##### RECORDS TO PROCESS #####

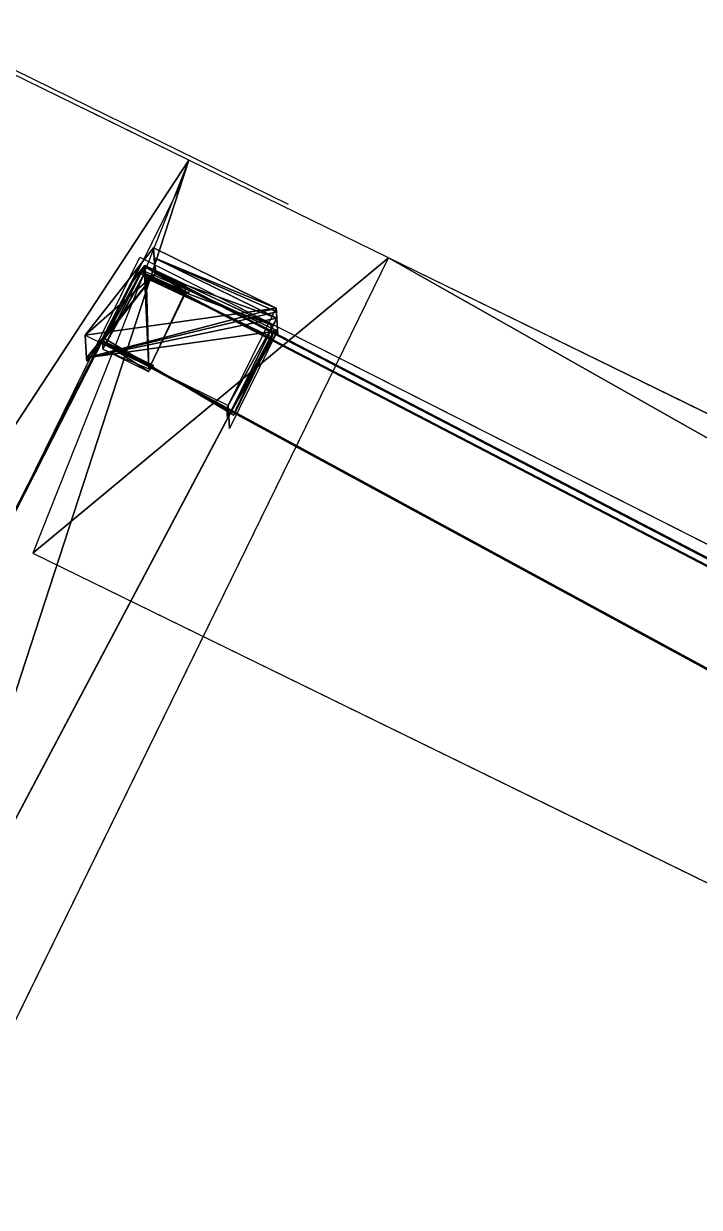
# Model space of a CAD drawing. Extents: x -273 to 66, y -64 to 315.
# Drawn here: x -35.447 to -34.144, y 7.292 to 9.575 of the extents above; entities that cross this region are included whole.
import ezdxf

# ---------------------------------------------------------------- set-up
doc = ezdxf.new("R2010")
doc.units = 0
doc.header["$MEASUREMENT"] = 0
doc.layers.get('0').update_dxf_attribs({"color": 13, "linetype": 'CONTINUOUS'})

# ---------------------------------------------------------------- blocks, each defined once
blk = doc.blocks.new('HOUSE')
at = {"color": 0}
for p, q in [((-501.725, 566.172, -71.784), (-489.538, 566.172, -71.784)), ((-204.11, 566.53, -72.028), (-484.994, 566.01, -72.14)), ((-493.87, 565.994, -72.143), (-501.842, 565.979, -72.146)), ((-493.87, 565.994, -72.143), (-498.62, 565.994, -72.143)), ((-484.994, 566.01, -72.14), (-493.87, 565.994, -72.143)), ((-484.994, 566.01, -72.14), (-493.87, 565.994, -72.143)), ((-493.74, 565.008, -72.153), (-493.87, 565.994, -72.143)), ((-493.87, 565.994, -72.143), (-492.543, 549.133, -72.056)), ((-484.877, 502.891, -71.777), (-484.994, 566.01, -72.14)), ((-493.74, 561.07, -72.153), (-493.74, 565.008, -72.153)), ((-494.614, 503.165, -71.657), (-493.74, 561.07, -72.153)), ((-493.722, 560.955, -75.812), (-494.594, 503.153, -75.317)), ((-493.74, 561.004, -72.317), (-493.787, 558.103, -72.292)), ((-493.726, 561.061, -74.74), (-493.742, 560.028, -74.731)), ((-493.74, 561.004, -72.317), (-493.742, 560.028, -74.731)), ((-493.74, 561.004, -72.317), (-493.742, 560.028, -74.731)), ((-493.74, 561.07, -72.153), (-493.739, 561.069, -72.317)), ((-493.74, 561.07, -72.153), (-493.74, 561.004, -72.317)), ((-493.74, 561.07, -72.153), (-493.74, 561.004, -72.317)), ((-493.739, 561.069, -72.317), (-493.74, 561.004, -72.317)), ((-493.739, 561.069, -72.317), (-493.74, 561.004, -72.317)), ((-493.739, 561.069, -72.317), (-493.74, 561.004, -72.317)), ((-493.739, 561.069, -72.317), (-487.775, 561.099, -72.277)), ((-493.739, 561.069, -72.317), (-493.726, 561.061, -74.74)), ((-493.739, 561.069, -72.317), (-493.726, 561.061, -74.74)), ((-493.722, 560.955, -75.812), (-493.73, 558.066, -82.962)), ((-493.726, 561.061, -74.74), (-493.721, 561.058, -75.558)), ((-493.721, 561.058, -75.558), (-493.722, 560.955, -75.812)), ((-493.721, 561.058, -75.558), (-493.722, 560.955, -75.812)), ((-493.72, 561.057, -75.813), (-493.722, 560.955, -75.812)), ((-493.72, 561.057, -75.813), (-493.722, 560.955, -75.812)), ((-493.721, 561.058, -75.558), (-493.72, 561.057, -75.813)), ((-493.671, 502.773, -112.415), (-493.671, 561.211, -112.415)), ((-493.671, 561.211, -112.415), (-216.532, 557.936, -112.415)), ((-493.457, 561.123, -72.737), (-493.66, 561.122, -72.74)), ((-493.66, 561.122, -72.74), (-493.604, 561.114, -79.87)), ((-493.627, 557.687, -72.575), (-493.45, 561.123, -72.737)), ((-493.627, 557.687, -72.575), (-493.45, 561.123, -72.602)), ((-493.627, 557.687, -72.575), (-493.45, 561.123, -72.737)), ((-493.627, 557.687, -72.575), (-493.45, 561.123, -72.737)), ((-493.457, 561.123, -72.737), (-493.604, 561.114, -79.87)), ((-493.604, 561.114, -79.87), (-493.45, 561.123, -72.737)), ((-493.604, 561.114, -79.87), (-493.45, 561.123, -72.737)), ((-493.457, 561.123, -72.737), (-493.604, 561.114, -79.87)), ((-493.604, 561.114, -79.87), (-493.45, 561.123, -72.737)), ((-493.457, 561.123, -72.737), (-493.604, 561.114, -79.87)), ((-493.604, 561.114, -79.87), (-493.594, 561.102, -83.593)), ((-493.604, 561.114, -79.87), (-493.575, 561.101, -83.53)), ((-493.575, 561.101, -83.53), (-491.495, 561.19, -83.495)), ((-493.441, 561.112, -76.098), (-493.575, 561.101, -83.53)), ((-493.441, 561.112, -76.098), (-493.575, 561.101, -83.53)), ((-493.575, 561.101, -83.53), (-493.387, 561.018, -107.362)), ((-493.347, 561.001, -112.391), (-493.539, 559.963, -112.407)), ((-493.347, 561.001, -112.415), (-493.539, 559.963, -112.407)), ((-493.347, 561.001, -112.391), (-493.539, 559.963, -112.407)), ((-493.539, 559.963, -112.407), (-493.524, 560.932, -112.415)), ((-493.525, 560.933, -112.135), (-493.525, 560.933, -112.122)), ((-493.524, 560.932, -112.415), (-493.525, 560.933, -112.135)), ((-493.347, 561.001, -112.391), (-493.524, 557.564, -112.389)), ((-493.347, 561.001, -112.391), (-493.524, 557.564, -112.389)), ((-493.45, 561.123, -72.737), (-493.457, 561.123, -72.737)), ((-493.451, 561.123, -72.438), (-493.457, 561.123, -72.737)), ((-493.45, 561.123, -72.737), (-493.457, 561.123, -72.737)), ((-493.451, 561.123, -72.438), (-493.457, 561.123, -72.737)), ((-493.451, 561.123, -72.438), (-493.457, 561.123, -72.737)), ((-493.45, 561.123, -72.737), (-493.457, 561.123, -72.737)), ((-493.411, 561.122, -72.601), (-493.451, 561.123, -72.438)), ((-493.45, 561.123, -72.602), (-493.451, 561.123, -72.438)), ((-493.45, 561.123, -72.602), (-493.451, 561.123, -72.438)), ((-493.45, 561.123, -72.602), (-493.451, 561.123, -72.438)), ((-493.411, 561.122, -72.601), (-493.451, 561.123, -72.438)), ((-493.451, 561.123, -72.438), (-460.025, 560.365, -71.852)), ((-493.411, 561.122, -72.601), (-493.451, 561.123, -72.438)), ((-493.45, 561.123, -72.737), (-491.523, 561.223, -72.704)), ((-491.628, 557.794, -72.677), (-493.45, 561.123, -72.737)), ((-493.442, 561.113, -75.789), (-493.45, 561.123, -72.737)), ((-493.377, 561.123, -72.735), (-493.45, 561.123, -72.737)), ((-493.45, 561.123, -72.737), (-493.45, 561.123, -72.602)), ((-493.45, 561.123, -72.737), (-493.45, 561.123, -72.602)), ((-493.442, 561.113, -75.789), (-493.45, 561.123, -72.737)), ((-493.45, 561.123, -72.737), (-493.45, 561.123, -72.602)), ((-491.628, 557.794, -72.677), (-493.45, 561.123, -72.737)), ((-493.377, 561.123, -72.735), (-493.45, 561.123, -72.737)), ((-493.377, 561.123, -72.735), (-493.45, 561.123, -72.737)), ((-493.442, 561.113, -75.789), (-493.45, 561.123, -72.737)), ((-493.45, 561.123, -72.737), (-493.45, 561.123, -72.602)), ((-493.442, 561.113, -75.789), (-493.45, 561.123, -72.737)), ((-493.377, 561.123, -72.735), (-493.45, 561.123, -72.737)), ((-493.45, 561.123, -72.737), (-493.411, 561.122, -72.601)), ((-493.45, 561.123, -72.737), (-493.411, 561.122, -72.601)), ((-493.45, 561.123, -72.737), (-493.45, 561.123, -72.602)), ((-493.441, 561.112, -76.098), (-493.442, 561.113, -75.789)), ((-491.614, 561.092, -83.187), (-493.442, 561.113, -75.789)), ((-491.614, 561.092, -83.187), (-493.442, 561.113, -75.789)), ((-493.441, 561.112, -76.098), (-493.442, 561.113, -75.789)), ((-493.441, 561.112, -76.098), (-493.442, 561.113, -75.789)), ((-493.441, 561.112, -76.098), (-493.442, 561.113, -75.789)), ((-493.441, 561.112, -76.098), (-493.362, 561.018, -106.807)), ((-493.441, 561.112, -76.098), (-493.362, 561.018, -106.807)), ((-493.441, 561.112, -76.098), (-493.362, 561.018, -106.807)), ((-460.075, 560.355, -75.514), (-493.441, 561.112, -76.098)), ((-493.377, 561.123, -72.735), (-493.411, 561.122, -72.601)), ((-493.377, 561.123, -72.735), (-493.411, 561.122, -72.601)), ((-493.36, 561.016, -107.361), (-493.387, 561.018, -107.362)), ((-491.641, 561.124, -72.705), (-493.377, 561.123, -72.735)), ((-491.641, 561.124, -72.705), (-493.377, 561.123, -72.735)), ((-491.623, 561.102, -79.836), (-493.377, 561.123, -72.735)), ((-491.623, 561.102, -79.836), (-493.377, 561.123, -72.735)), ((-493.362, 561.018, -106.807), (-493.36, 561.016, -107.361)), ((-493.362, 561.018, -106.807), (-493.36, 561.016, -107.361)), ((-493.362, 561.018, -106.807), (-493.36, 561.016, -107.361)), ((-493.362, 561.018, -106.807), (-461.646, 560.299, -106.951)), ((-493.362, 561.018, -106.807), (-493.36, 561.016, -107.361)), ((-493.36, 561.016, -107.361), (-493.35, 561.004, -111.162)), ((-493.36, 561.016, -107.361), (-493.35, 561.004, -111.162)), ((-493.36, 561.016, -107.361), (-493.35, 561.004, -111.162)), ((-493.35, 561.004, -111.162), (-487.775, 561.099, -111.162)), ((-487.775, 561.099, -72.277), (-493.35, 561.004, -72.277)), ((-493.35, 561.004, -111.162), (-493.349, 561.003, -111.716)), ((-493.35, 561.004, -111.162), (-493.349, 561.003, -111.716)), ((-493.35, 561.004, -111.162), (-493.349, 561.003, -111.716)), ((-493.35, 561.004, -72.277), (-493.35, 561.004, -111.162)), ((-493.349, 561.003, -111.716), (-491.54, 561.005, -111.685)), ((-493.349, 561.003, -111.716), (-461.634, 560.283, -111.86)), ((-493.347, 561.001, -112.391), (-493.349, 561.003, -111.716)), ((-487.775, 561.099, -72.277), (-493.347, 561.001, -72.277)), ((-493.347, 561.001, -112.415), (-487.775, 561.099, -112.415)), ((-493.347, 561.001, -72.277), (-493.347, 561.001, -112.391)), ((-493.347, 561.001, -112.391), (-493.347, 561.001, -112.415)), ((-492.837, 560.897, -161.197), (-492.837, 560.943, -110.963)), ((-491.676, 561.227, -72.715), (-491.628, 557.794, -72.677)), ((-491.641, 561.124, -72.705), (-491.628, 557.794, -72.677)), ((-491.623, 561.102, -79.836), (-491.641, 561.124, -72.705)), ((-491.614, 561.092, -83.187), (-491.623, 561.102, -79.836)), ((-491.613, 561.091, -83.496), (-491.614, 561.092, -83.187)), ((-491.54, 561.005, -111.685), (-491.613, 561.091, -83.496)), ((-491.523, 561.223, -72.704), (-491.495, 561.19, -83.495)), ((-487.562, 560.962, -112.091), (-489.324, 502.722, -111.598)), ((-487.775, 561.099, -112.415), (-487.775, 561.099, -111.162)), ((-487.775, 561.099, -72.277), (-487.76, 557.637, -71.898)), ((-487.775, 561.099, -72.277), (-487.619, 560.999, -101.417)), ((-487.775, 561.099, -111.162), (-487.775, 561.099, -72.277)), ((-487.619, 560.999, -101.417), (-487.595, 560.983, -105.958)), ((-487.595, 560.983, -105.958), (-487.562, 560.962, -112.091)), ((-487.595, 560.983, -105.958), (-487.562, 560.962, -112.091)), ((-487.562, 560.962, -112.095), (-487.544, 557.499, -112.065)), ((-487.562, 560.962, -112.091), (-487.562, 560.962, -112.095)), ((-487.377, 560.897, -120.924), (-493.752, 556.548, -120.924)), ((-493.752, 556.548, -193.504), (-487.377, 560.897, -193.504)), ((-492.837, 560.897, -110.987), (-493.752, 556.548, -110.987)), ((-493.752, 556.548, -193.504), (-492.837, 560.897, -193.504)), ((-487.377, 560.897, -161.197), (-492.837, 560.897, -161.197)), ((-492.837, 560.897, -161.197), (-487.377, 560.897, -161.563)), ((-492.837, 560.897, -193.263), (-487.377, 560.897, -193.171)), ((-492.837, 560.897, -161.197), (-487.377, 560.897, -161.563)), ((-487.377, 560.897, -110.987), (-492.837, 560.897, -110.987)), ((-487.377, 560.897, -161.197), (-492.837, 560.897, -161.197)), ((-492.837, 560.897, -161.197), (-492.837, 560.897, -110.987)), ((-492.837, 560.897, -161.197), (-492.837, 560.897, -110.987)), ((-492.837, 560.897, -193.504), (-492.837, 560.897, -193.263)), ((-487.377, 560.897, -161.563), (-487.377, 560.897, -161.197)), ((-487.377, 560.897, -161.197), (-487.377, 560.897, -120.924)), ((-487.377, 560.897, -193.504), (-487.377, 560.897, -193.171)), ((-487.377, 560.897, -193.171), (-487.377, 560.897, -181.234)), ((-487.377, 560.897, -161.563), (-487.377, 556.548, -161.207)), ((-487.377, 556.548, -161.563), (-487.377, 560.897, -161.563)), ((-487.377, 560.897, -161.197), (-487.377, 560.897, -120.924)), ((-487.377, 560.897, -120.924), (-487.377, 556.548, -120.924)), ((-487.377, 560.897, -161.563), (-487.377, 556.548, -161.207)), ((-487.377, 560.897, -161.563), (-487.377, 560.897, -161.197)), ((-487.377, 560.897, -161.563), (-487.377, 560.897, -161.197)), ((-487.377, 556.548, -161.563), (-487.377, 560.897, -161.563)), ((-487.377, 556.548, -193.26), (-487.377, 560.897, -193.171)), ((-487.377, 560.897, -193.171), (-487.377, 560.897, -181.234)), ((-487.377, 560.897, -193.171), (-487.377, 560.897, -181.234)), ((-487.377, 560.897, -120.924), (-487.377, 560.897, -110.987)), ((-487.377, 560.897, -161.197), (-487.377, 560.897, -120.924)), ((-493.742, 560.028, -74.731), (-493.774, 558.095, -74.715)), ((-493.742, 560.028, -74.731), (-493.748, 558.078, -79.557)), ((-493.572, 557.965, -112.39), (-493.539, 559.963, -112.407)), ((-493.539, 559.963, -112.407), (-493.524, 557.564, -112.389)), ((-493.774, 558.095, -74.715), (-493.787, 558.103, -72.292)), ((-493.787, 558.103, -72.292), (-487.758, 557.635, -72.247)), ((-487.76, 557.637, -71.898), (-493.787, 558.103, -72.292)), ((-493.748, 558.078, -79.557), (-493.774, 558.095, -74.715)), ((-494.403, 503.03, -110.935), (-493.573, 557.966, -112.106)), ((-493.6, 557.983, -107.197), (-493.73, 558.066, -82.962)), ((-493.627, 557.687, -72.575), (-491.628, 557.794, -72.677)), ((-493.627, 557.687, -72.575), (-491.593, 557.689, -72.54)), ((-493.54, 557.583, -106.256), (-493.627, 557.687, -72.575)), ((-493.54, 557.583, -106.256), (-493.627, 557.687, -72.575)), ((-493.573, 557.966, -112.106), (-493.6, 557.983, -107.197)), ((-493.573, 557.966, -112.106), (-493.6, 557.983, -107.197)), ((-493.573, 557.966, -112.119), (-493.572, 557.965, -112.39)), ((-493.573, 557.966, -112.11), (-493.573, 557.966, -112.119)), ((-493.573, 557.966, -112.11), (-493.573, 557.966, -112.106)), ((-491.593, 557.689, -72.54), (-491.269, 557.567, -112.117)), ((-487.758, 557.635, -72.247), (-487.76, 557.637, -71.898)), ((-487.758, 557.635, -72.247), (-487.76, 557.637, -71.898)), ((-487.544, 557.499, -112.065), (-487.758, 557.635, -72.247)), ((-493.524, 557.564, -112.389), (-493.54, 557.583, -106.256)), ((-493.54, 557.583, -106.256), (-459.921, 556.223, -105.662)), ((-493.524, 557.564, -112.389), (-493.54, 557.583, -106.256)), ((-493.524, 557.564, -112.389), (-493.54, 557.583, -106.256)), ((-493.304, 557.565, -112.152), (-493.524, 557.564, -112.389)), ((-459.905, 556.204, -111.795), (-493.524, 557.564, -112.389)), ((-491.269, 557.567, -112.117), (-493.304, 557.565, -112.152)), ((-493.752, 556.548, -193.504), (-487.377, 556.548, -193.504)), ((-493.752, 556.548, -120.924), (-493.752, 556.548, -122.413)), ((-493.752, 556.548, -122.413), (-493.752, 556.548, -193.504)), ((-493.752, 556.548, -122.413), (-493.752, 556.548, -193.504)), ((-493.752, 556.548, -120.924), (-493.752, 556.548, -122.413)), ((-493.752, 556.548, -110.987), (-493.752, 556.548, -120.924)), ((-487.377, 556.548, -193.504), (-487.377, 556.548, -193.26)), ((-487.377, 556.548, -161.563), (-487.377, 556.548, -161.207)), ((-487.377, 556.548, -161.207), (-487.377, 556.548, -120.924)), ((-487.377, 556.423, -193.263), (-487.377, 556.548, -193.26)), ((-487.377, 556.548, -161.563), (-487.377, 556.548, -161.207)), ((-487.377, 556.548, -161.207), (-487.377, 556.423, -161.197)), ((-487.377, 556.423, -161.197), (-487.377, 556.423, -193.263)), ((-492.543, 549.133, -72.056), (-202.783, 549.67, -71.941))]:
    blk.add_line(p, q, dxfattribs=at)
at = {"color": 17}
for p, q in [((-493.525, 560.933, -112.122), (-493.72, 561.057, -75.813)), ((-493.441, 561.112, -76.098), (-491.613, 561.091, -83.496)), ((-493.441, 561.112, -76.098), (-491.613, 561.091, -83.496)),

#####

- [WHAT TO PRODUCE] Go through the listing above and locate each line that holds the word "color". Copy those lines.

- [FINAL ANSWER]
doc.layers.get('0').update_dxf_attribs({"color": 13, "linetype": 'CONTINUOUS'})
at = {"color": 0}
at = {"color": 17}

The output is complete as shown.